The main advantages of two tables are, (a) Access is probably somewhat faster, as you don't have so many irrelevant records to skip over. (b) When reading the current table you don't have to worry about excluding the history records.
Oh, an annoying thing about SQL: In principle you could put a date on each record, and then the record with the latest date is the current one. In practice this is a pain: you usually have to have an inner query to find the latest date, and then feed this back in to an outer query that re-reads the record with that date. (Some SQL engines have ways around this. Postgres, for example.) So in practice, you need an "is_current" flag, probably 1 for current and 0 for history or some such.
The other issue is what to put in the contents. If you're dealing with short fields, customer number and amount billed and so forth, then the simple and easy thing to do is just store the complete old contents in one record and the complete new contents in the new record. But if you're dealing with a long text block, like a plot synopsis or a review, there could be many small editorial changes. If every time someone fixes a grammar or spelling error, we have a whole new record with the entire 1000 characters, of which 5 characters are different, this could really clutter up the database. If that's the case you might want to investigate ways to store changes more efficiently. May or may not be an issue to you.

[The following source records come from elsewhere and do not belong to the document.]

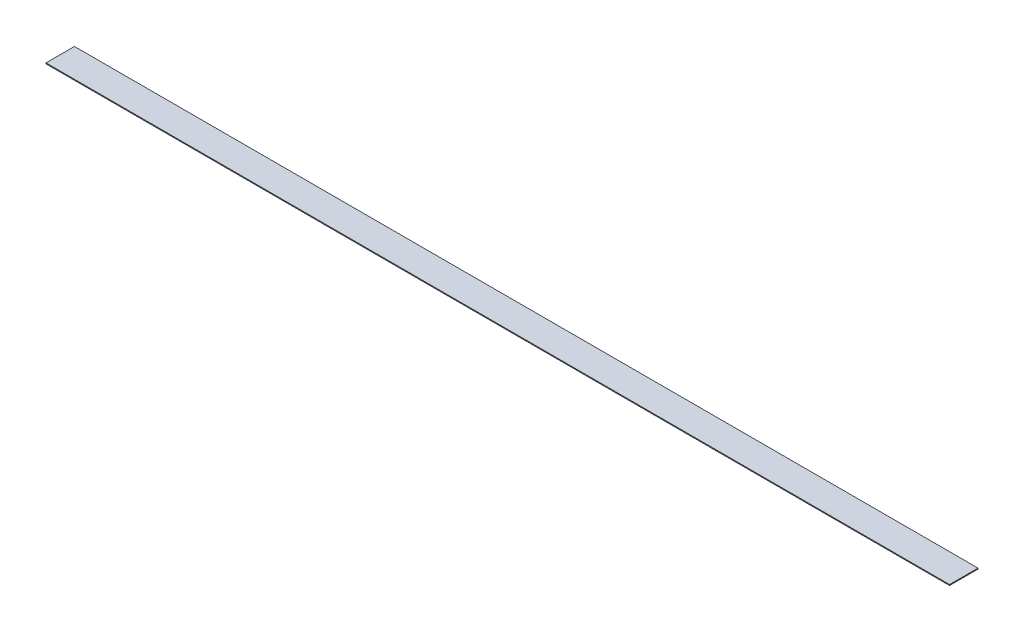
ISO-10303-21;
HEADER;
FILE_DESCRIPTION(('STEP AP214'),'2;1');
FILE_NAME('part.step','',(''),(''),'','','');
FILE_SCHEMA(('AUTOMOTIVE_DESIGN { 1 0 10303 214 1 1 1 1 }'));
ENDSEC;
DATA;
#1=APPLICATION_CONTEXT('core data for automotive mechanical design processes');
#2=APPLICATION_PROTOCOL_DEFINITION('international standard','automotive_design',2000,#1);
#3=PRODUCT_CONTEXT('',#1,'mechanical');
#4=PRODUCT('Part','Part','',(#3));
#5=PRODUCT_RELATED_PRODUCT_CATEGORY('part','',(#4));
#6=PRODUCT_DEFINITION_FORMATION('','',#4);
#7=PRODUCT_DEFINITION_CONTEXT('part definition',#1,'design');
#8=PRODUCT_DEFINITION('design','',#6,#7);
#9=PRODUCT_DEFINITION_SHAPE('','',#8);
#10=(LENGTH_UNIT() NAMED_UNIT(*) SI_UNIT(.MILLI.,.METRE.));
#11=(NAMED_UNIT(*) PLANE_ANGLE_UNIT() SI_UNIT($,.RADIAN.));
#12=(NAMED_UNIT(*) SI_UNIT($,.STERADIAN.) SOLID_ANGLE_UNIT());
#13=UNCERTAINTY_MEASURE_WITH_UNIT(LENGTH_MEASURE(1.E-05),#10,'distance_accuracy_value','');
#14=(GEOMETRIC_REPRESENTATION_CONTEXT(3) GLOBAL_UNCERTAINTY_ASSIGNED_CONTEXT((#13)) GLOBAL_UNIT_ASSIGNED_CONTEXT((#10,
#11,#12)) REPRESENTATION_CONTEXT('',''));
#15=CARTESIAN_POINT('',(0.,0.,0.));
#16=DIRECTION('',(0.,0.,1.));
#17=DIRECTION('',(1.,0.,0.));
#18=AXIS2_PLACEMENT_3D('',#15,#16,#17);
#19=CARTESIAN_POINT('',(0.,1.5875,0.));
#20=DIRECTION('',(1.,0.,0.));
#21=DIRECTION('',(0.,0.,-1.));
#22=AXIS2_PLACEMENT_3D('',#19,#20,#21);
#23=PLANE('',#22);
#24=DIRECTION('',(0.,0.,1.));
#25=VECTOR('',#24,1.);
#26=CARTESIAN_POINT('',(0.,0.,0.));
#27=LINE('',#26,#25);
#28=CARTESIAN_POINT('',(0.,0.,-50.8));
#29=VERTEX_POINT('',#28);
#30=CARTESIAN_POINT('',(0.,0.,0.));
#31=VERTEX_POINT('',#30);
#32=EDGE_CURVE('E98',#29,#31,#27,.T.);
#33=ORIENTED_EDGE('',*,*,#32,.T.);
#34=DIRECTION('',(0.,-1.,0.));
#35=VECTOR('',#34,1.);
#36=CARTESIAN_POINT('',(0.,1.5875,0.));
#37=LINE('',#36,#35);
#38=CARTESIAN_POINT('',(0.,1.5875,0.));
#39=VERTEX_POINT('',#38);
#40=EDGE_CURVE('E11',#39,#31,#37,.T.);
#41=ORIENTED_EDGE('',*,*,#40,.F.);
#42=DIRECTION('',(0.,0.,1.));
#43=VECTOR('',#42,1.);
#44=CARTESIAN_POINT('',(0.,1.5875,0.));
#45=LINE('',#44,#43);
#46=CARTESIAN_POINT('',(0.,1.5875,-50.8));
#47=VERTEX_POINT('',#46);
#48=EDGE_CURVE('E86',#47,#39,#45,.T.);
#49=ORIENTED_EDGE('',*,*,#48,.F.);
#50=DIRECTION('',(0.,-1.,0.));
#51=VECTOR('',#50,1.);
#52=CARTESIAN_POINT('',(0.,1.5875,-50.8));
#53=LINE('',#52,#51);
#54=EDGE_CURVE('E94',#47,#29,#53,.T.);
#55=ORIENTED_EDGE('',*,*,#54,.T.);
#56=EDGE_LOOP('',(#33,#41,#49,#55));
#57=FACE_BOUND('',#56,.T.);
#58=ADVANCED_FACE('F35',(#57),#23,.F.);
#59=CARTESIAN_POINT('',(0.,1.5875,0.));
#60=DIRECTION('',(0.,0.,-1.));
#61=DIRECTION('',(-1.,0.,0.));
#62=AXIS2_PLACEMENT_3D('',#59,#60,#61);
#63=PLANE('',#62);
#64=DIRECTION('',(1.,0.,0.));
#65=VECTOR('',#64,1.);
#66=CARTESIAN_POINT('',(0.,0.,0.));
#67=LINE('',#66,#65);
#68=CARTESIAN_POINT('',(1612.9,0.,0.));
#69=VERTEX_POINT('',#68);
#70=EDGE_CURVE('E90',#31,#69,#67,.T.);
#71=ORIENTED_EDGE('',*,*,#70,.T.);
#72=DIRECTION('',(0.,-1.,0.));
#73=VECTOR('',#72,1.);
#74=CARTESIAN_POINT('',(1612.9,1.5875,0.));
#75=LINE('',#74,#73);
#76=CARTESIAN_POINT('',(1612.9,1.5875,0.));
#77=VERTEX_POINT('',#76);
#78=EDGE_CURVE('E43',#77,#69,#75,.T.);
#79=ORIENTED_EDGE('',*,*,#78,.F.);
#80=DIRECTION('',(1.,0.,0.));
#81=VECTOR('',#80,1.);
#82=CARTESIAN_POINT('',(0.,1.5875,0.));
#83=LINE('',#82,#81);
#84=EDGE_CURVE('E81',#39,#77,#83,.T.);
#85=ORIENTED_EDGE('',*,*,#84,.F.);
#86=ORIENTED_EDGE('',*,*,#40,.T.);
#87=EDGE_LOOP('',(#71,#79,#85,#86));
#88=FACE_BOUND('',#87,.T.);
#89=ADVANCED_FACE('F89',(#88),#63,.F.);
#90=CARTESIAN_POINT('',(1612.9,1.5875,0.));
#91=DIRECTION('',(-1.,0.,0.));
#92=DIRECTION('',(0.,0.,1.));
#93=AXIS2_PLACEMENT_3D('',#90,#91,#92);
#94=PLANE('',#93);
#95=DIRECTION('',(0.,0.,-1.));
#96=VECTOR('',#95,1.);
#97=CARTESIAN_POINT('',(1612.9,0.,0.));
#98=LINE('',#97,#96);
#99=CARTESIAN_POINT('',(1612.9,0.,-50.8));
#100=VERTEX_POINT('',#99);
#101=EDGE_CURVE('E68',#69,#100,#98,.T.);
#102=ORIENTED_EDGE('',*,*,#101,.T.);
#103=DIRECTION('',(0.,-1.,0.));
#104=VECTOR('',#103,1.);
#105=CARTESIAN_POINT('',(1612.9,1.5875,-50.8));
#106=LINE('',#105,#104);
#107=CARTESIAN_POINT('',(1612.9,1.5875,-50.8));
#108=VERTEX_POINT('',#107);
#109=EDGE_CURVE('E91',#108,#100,#106,.T.);
#110=ORIENTED_EDGE('',*,*,#109,.F.);
#111=DIRECTION('',(0.,0.,-1.));
#112=VECTOR('',#111,1.);
#113=CARTESIAN_POINT('',(1612.9,1.5875,0.));
#114=LINE('',#113,#112);
#115=EDGE_CURVE('E84',#77,#108,#114,.T.);
#116=ORIENTED_EDGE('',*,*,#115,.F.);
#117=ORIENTED_EDGE('',*,*,#78,.T.);
#118=EDGE_LOOP('',(#102,#110,#116,#117));
#119=FACE_BOUND('',#118,.T.);
#120=ADVANCED_FACE('F92',(#119),#94,.F.);
#121=CARTESIAN_POINT('',(0.,1.5875,-50.8));
#122=DIRECTION('',(0.,0.,1.));
#123=DIRECTION('',(1.,0.,0.));
#124=AXIS2_PLACEMENT_3D('',#121,#122,#123);
#125=PLANE('',#124);
#126=DIRECTION('',(-1.,0.,0.));
#127=VECTOR('',#126,1.);
#128=CARTESIAN_POINT('',(0.,0.,-50.8));
#129=LINE('',#128,#127);
#130=EDGE_CURVE('E74',#100,#29,#129,.T.);
#131=ORIENTED_EDGE('',*,*,#130,.T.);
#132=ORIENTED_EDGE('',*,*,#54,.F.);
#133=DIRECTION('',(-1.,0.,0.));
#134=VECTOR('',#133,1.);
#135=CARTESIAN_POINT('',(0.,1.5875,-50.8));
#136=LINE('',#135,#134);
#137=EDGE_CURVE('E51',#108,#47,#136,.T.);
#138=ORIENTED_EDGE('',*,*,#137,.F.);
#139=ORIENTED_EDGE('',*,*,#109,.T.);
#140=EDGE_LOOP('',(#131,#132,#138,#139));
#141=FACE_BOUND('',#140,.T.);
#142=ADVANCED_FACE('F105',(#141),#125,.F.);
#143=CARTESIAN_POINT('',(0.,1.5875,0.));
#144=DIRECTION('',(0.,-1.,0.));
#145=DIRECTION('',(0.,0.,-1.));
#146=AXIS2_PLACEMENT_3D('',#143,#144,#145);
#147=PLANE('',#146);
#148=ORIENTED_EDGE('',*,*,#48,.T.);
#149=ORIENTED_EDGE('',*,*,#84,.T.);
#150=ORIENTED_EDGE('',*,*,#115,.T.);
#151=ORIENTED_EDGE('',*,*,#137,.T.);
#152=EDGE_LOOP('',(#148,#149,#150,#151));
#153=FACE_BOUND('',#152,.T.);
#154=ADVANCED_FACE('F82',(#153),#147,.F.);
#155=CARTESIAN_POINT('',(0.,0.,0.));
#156=DIRECTION('',(0.,-1.,0.));
#157=DIRECTION('',(0.,0.,-1.));
#158=AXIS2_PLACEMENT_3D('',#155,#156,#157);
#159=PLANE('',#158);
#160=ORIENTED_EDGE('',*,*,#32,.F.);
#161=ORIENTED_EDGE('',*,*,#130,.F.);
#162=ORIENTED_EDGE('',*,*,#101,.F.);
#163=ORIENTED_EDGE('',*,*,#70,.F.);
#164=EDGE_LOOP('',(#160,#161,#162,#163));
#165=FACE_BOUND('',#164,.T.);
#166=ADVANCED_FACE('F108',(#165),#159,.T.);
#167=CLOSED_SHELL('',(#58,#89,#120,#142,#154,#166));
#168=MANIFOLD_SOLID_BREP('B2',#167);
#169=ADVANCED_BREP_SHAPE_REPRESENTATION('',(#18,#168),#14);
#170=SHAPE_DEFINITION_REPRESENTATION(#9,#169);
ENDSEC;
END-ISO-10303-21;

I have some question regarding database performance in general. I'm using Sqlite but I assume that the performance remarks are applicable to all relational databases?
I have a database that contains a table that stores data of about 200 variables. I write about 50 variables per second to the table. A writen variable contains the id of the variable, a value and a timestamp. Readig is done very rarely but needs to be as fast as possible to get the data per variable in chronological order. When I do a query I always just need to get the data of 1 variable.
How do I design the database so the reading is as fast as possible:
1. I make 1 tabel that contains all the
variables. The variable is stored as
an id. I index the table on the id
and timestamp. The bad part is that
the index makes the write slowe(r).
2. I make 200 tables for each variable
and index the timestamp.
I think the second solution is the most performant but creaying a table for each variable doesn't seem right. Someone can give me some advice?
Thanks
If you really want to use a database, use the first approach, but make sure you are inserting your data in a single transaction; benchmarks show it makes writing much faster.
Are your searches performed on variable name/id AND timestamp, or variable name only. Indexing on timestamp may not be necessary...
Are you sure you need a database? By the sounds of it, a flat-file will work well enough for you, and you don't sound like you actually need any of the trappings of a database. Just create a flat-file for each variable and keep handles to each open. Write to them through your standard buffered IO as often as you need. To read, just open one file and deserialize.
If you are using a relational database, I am guessing those variables are all related? If they are just values, for instance, settings, then maybe a file or something similar may be better.
If you only ever have to query values for ONE variable, then, if you insist on using a database (which may not be a bad thing!), then you should create one table per variable:
id (unsigned int, auto-increment, primary key)
timestamp (datetime)
variable (whatever it is supposed to be)
Do not skimp on data just because "it might take more room on the hard drive" - that only leads to trouble.